Figure 4: Cosine similarity between visual encoder features across rotation angles; even without the language head attached, representations diverge with rotation, suggesting limited feature-level invariance, especially in symbolic domains.
Despite some invariance at the feature level, all VLMs—including the highest capacity closed-source models—exhibit substantial failures in reasoning about geometric transformations, especially in semantically impoverished domains (<80% accuracy with TPR sharply reduced).
Scale Invariance Analysis
Scaling invariance is less problematic on familiar scripts but still substantially degrades for Omniglot. All models remain highly accurate on Times New Roman and Handwritten English (>95% accuracy) but accuracy on Omniglot is 75-83%, with pronounced variance across scripts depending on their prevalence in pretraining data, revealing a strong correlation with semantic familiarity.
Figure 2: Scale invariance accuracy across domains for Qwen2.5-VL. High accuracy is maintained for natural and familiar domains, but Omniglot accuracy is markedly lower.
Figure 8: Scale invariance for Gemini-2.5-Pro. Again, performance remains robust except for the least familiar Omniglot scripts.
Prompt Sensitivity & In-Context Learning
ICL and structured visual prompting marginally improve transformation invariance (primarily TPR), but the improvement often comes at a cost of reduced specificity, indicating an over-correction toward "same" predictions. Model failures persist across different prompt templates and example setups, confirming that the deficiency relates to underlying representation and reasoning inadequacy, not merely language interface.



Figure 10: ICL prompting setup; labeled positive and negative examples for rotation reasoning marginally improve results but fail to robustly endow geometric invariance.
Figure 12: Rotational grid prompting supplies visual anchors for the concept of rotation, but even with strong in-context guidance, generalization is limited to semantically familiar scripts.
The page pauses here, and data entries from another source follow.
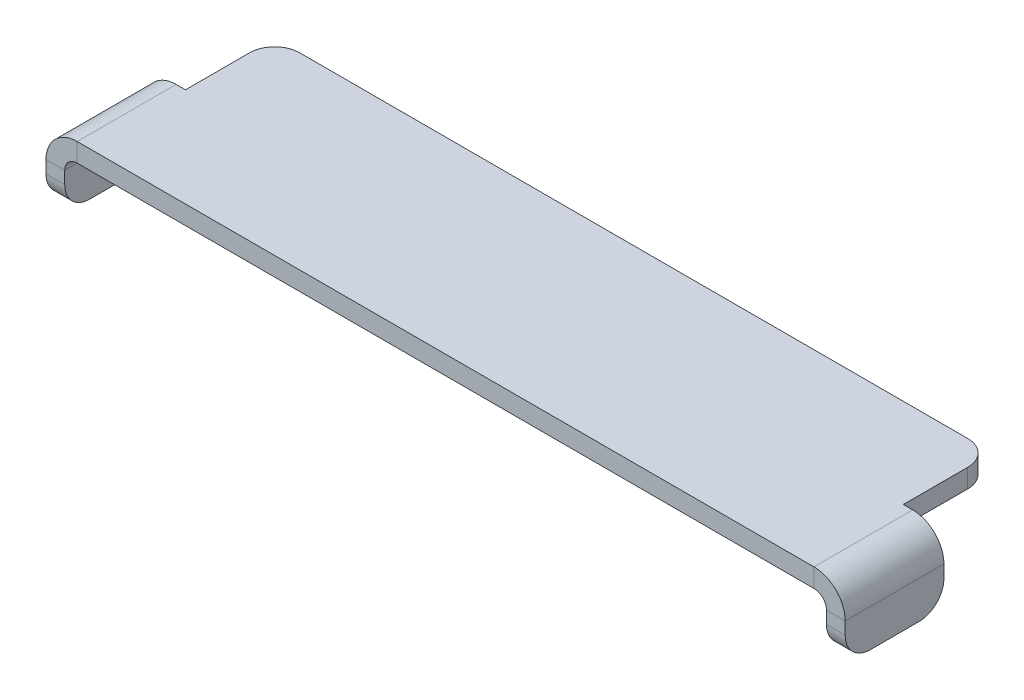
ISO-10303-21;
HEADER;
FILE_DESCRIPTION(('STEP AP214'),'2;1');
FILE_NAME('part.step','',(''),(''),'','','');
FILE_SCHEMA(('AUTOMOTIVE_DESIGN { 1 0 10303 214 1 1 1 1 }'));
ENDSEC;
DATA;
#1=APPLICATION_CONTEXT('core data for automotive mechanical design processes');
#2=APPLICATION_PROTOCOL_DEFINITION('international standard','automotive_design',2000,#1);
#3=PRODUCT_CONTEXT('',#1,'mechanical');
#4=PRODUCT('Part','Part','',(#3));
#5=PRODUCT_RELATED_PRODUCT_CATEGORY('part','',(#4));
#6=PRODUCT_DEFINITION_FORMATION('','',#4);
#7=PRODUCT_DEFINITION_CONTEXT('part definition',#1,'design');
#8=PRODUCT_DEFINITION('design','',#6,#7);
#9=PRODUCT_DEFINITION_SHAPE('','',#8);
#10=(LENGTH_UNIT() NAMED_UNIT(*) SI_UNIT(.MILLI.,.METRE.));
#11=(NAMED_UNIT(*) PLANE_ANGLE_UNIT() SI_UNIT($,.RADIAN.));
#12=(NAMED_UNIT(*) SI_UNIT($,.STERADIAN.) SOLID_ANGLE_UNIT());
#13=UNCERTAINTY_MEASURE_WITH_UNIT(LENGTH_MEASURE(1.E-05),#10,'distance_accuracy_value','');
#14=(GEOMETRIC_REPRESENTATION_CONTEXT(3) GLOBAL_UNCERTAINTY_ASSIGNED_CONTEXT((#13)) GLOBAL_UNIT_ASSIGNED_CONTEXT((#10,
#11,#12)) REPRESENTATION_CONTEXT('',''));
#15=CARTESIAN_POINT('',(0.,0.,0.));
#16=DIRECTION('',(0.,0.,1.));
#17=DIRECTION('',(1.,0.,0.));
#18=AXIS2_PLACEMENT_3D('',#15,#16,#17);
#19=CARTESIAN_POINT('',(0.,-1.5,0.));
#20=DIRECTION('',(0.,-1.,0.));
#21=DIRECTION('',(0.,0.,-1.));
#22=AXIS2_PLACEMENT_3D('',#19,#20,#21);
#23=PLANE('',#22);
#24=DIRECTION('',(0.,0.,1.));
#25=VECTOR('',#24,1.);
#26=CARTESIAN_POINT('',(3.25,-1.5,-8.67099203048986));
#27=LINE('',#26,#25);
#28=CARTESIAN_POINT('',(3.25,-1.5,-13.0604680029471));
#29=VERTEX_POINT('',#28);
#30=CARTESIAN_POINT('',(3.25,-1.5,-7.92099203048986));
#31=VERTEX_POINT('',#30);
#32=EDGE_CURVE('E340',#29,#31,#27,.T.);
#33=ORIENTED_EDGE('',*,*,#32,.F.);
#34=CARTESIAN_POINT('',(5.25,-1.5,-13.0604680029471));
#35=DIRECTION('',(0.,-1.,0.));
#36=DIRECTION('',(0.,0.,-1.));
#37=AXIS2_PLACEMENT_3D('',#34,#35,#36);
#38=CIRCLE('',#37,2.);
#39=CARTESIAN_POINT('',(5.25,-1.5,-15.0604680029471));
#40=VERTEX_POINT('',#39);
#41=EDGE_CURVE('E406',#29,#40,#38,.T.);
#42=ORIENTED_EDGE('',*,*,#41,.T.);
#43=DIRECTION('',(-1.,0.,0.));
#44=VECTOR('',#43,1.);
#45=CARTESIAN_POINT('',(0.,-1.5,-15.0604680029471));
#46=LINE('',#45,#44);
#47=CARTESIAN_POINT('',(58.75,-1.5,-15.0604680029471));
#48=VERTEX_POINT('',#47);
#49=EDGE_CURVE('E358',#48,#40,#46,.T.);
#50=ORIENTED_EDGE('',*,*,#49,.F.);
#51=CARTESIAN_POINT('',(58.75,-1.5,-13.0604680029471));
#52=DIRECTION('',(0.,-1.,0.));
#53=DIRECTION('',(0.,0.,-1.));
#54=AXIS2_PLACEMENT_3D('',#51,#52,#53);
#55=CIRCLE('',#54,2.);
#56=CARTESIAN_POINT('',(60.75,-1.5,-13.0604680029471));
#57=VERTEX_POINT('',#56);
#58=EDGE_CURVE('E404',#48,#57,#55,.T.);
#59=ORIENTED_EDGE('',*,*,#58,.T.);
#60=DIRECTION('',(0.,0.,-1.));
#61=VECTOR('',#60,1.);
#62=CARTESIAN_POINT('',(60.75,-1.5,-7.9044110420261));
#63=LINE('',#62,#61);
#64=CARTESIAN_POINT('',(60.75,-1.5,-7.9044110420261));
#65=VERTEX_POINT('',#64);
#66=EDGE_CURVE('E351',#65,#57,#63,.T.);
#67=ORIENTED_EDGE('',*,*,#66,.F.);
#68=DIRECTION('',(-1.,0.,0.));
#69=VECTOR('',#68,1.);
#70=CARTESIAN_POINT('',(61.5,-1.5,-7.9044110420261));
#71=LINE('',#70,#69);
#72=CARTESIAN_POINT('',(61.5,-1.5,-7.9044110420261));
#73=VERTEX_POINT('',#72);
#74=EDGE_CURVE('E347',#73,#65,#71,.T.);
#75=ORIENTED_EDGE('',*,*,#74,.F.);
#76=DIRECTION('',(0.,0.,1.));
#77=VECTOR('',#76,1.);
#78=CARTESIAN_POINT('',(61.5,-1.5,0.));
#79=LINE('',#78,#77);
#80=CARTESIAN_POINT('',(61.5,-1.5,0.));
#81=VERTEX_POINT('',#80);
#82=EDGE_CURVE('E330',#81,#73,#79,.F.);
#83=ORIENTED_EDGE('',*,*,#82,.F.);
#84=DIRECTION('',(1.,0.,0.));
#85=VECTOR('',#84,1.);
#86=CARTESIAN_POINT('',(0.,-1.5,0.));
#87=LINE('',#86,#85);
#88=CARTESIAN_POINT('',(2.5,-1.5,0.));
#89=VERTEX_POINT('',#88);
#90=EDGE_CURVE('E356',#89,#81,#87,.T.);
#91=ORIENTED_EDGE('',*,*,#90,.F.);
#92=DIRECTION('',(0.,0.,-1.));
#93=VECTOR('',#92,1.);
#94=CARTESIAN_POINT('',(2.5,-1.5,-7.92099203048986));
#95=LINE('',#94,#93);
#96=CARTESIAN_POINT('',(2.5,-1.5,-7.92099203048986));
#97=VERTEX_POINT('',#96);
#98=EDGE_CURVE('E285',#97,#89,#95,.F.);
#99=ORIENTED_EDGE('',*,*,#98,.F.);
#100=DIRECTION('',(-1.,0.,0.));
#101=VECTOR('',#100,1.);
#102=CARTESIAN_POINT('',(3.25,-1.5,-7.92099203048986));
#103=LINE('',#102,#101);
#104=EDGE_CURVE('E343',#31,#97,#103,.T.);
#105=ORIENTED_EDGE('',*,*,#104,.F.);
#106=EDGE_LOOP('',(#33,#42,#50,#59,#67,#75,#83,#91,#99,#105));
#107=FACE_BOUND('',#106,.T.);
#108=ADVANCED_FACE('F75',(#107),#23,.T.);
#109=CARTESIAN_POINT('',(0.,0.,0.));
#110=DIRECTION('',(0.,-1.,0.));
#111=DIRECTION('',(0.,0.,-1.));
#112=AXIS2_PLACEMENT_3D('',#109,#110,#111);
#113=PLANE('',#112);
#114=DIRECTION('',(-1.,0.,0.));
#115=VECTOR('',#114,1.);
#116=CARTESIAN_POINT('',(0.,0.,-15.0604680029471));
#117=LINE('',#116,#115);
#118=CARTESIAN_POINT('',(58.75,0.,-15.0604680029471));
#119=VERTEX_POINT('',#118);
#120=CARTESIAN_POINT('',(5.25,0.,-15.0604680029471));
#121=VERTEX_POINT('',#120);
#122=EDGE_CURVE('E359',#119,#121,#117,.T.);
#123=ORIENTED_EDGE('',*,*,#122,.T.);
#124=CARTESIAN_POINT('',(5.25,0.,-13.0604680029471));
#125=DIRECTION('',(0.,-1.,0.));
#126=DIRECTION('',(0.,0.,-1.));
#127=AXIS2_PLACEMENT_3D('',#124,#125,#126);
#128=CIRCLE('',#127,2.);
#129=CARTESIAN_POINT('',(3.25,0.,-13.0604680029471));
#130=VERTEX_POINT('',#129);
#131=EDGE_CURVE('E400',#121,#130,#128,.F.);
#132=ORIENTED_EDGE('',*,*,#131,.T.);
#133=DIRECTION('',(0.,0.,-1.));
#134=VECTOR('',#133,1.);
#135=CARTESIAN_POINT('',(3.25,0.,0.));
#136=LINE('',#135,#134);
#137=CARTESIAN_POINT('',(3.25,0.,-7.92099203048986));
#138=VERTEX_POINT('',#137);
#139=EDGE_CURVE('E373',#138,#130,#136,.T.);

Theoretical and Practical Implications
The findings challenge assumptions about emergent invariances in VLMs: robust semantic performance does not translate to spatial-geometric reasoning or equivariance under transformation. This casts doubt on using VLMs in settings that require true geometric consistency and out-of-distribution generalization, such as robotic control, complex physical reasoning, and visual analogy tasks. Since failures persist even with high model scale, architectural modifications and explicit data augmentation for transformation invariance may be necessary.
Conclusion
The paper demonstrates a systematic gap between object-centric semantic understanding and geometric reasoning in current VLMs. Robustness to spatial transformation is not an intrinsic property of today's models but mostly a byproduct of semantic and contextual familiarity. These results highlight the urgent need for representation learning approaches that enforce or learn geometric equivariance and for benchmark design that isolates semantic knowledge from geometric structure. Future multimodal model development must explicitly address these deficiencies for reliable deployment in safety-critical domains and reasoning-intensive applications.
References
For all empirical claims and dataset/model details, see "Semantic Richness or Geometric Reasoning? The Fragility of VLM's Visual Invariance" (2604.01848).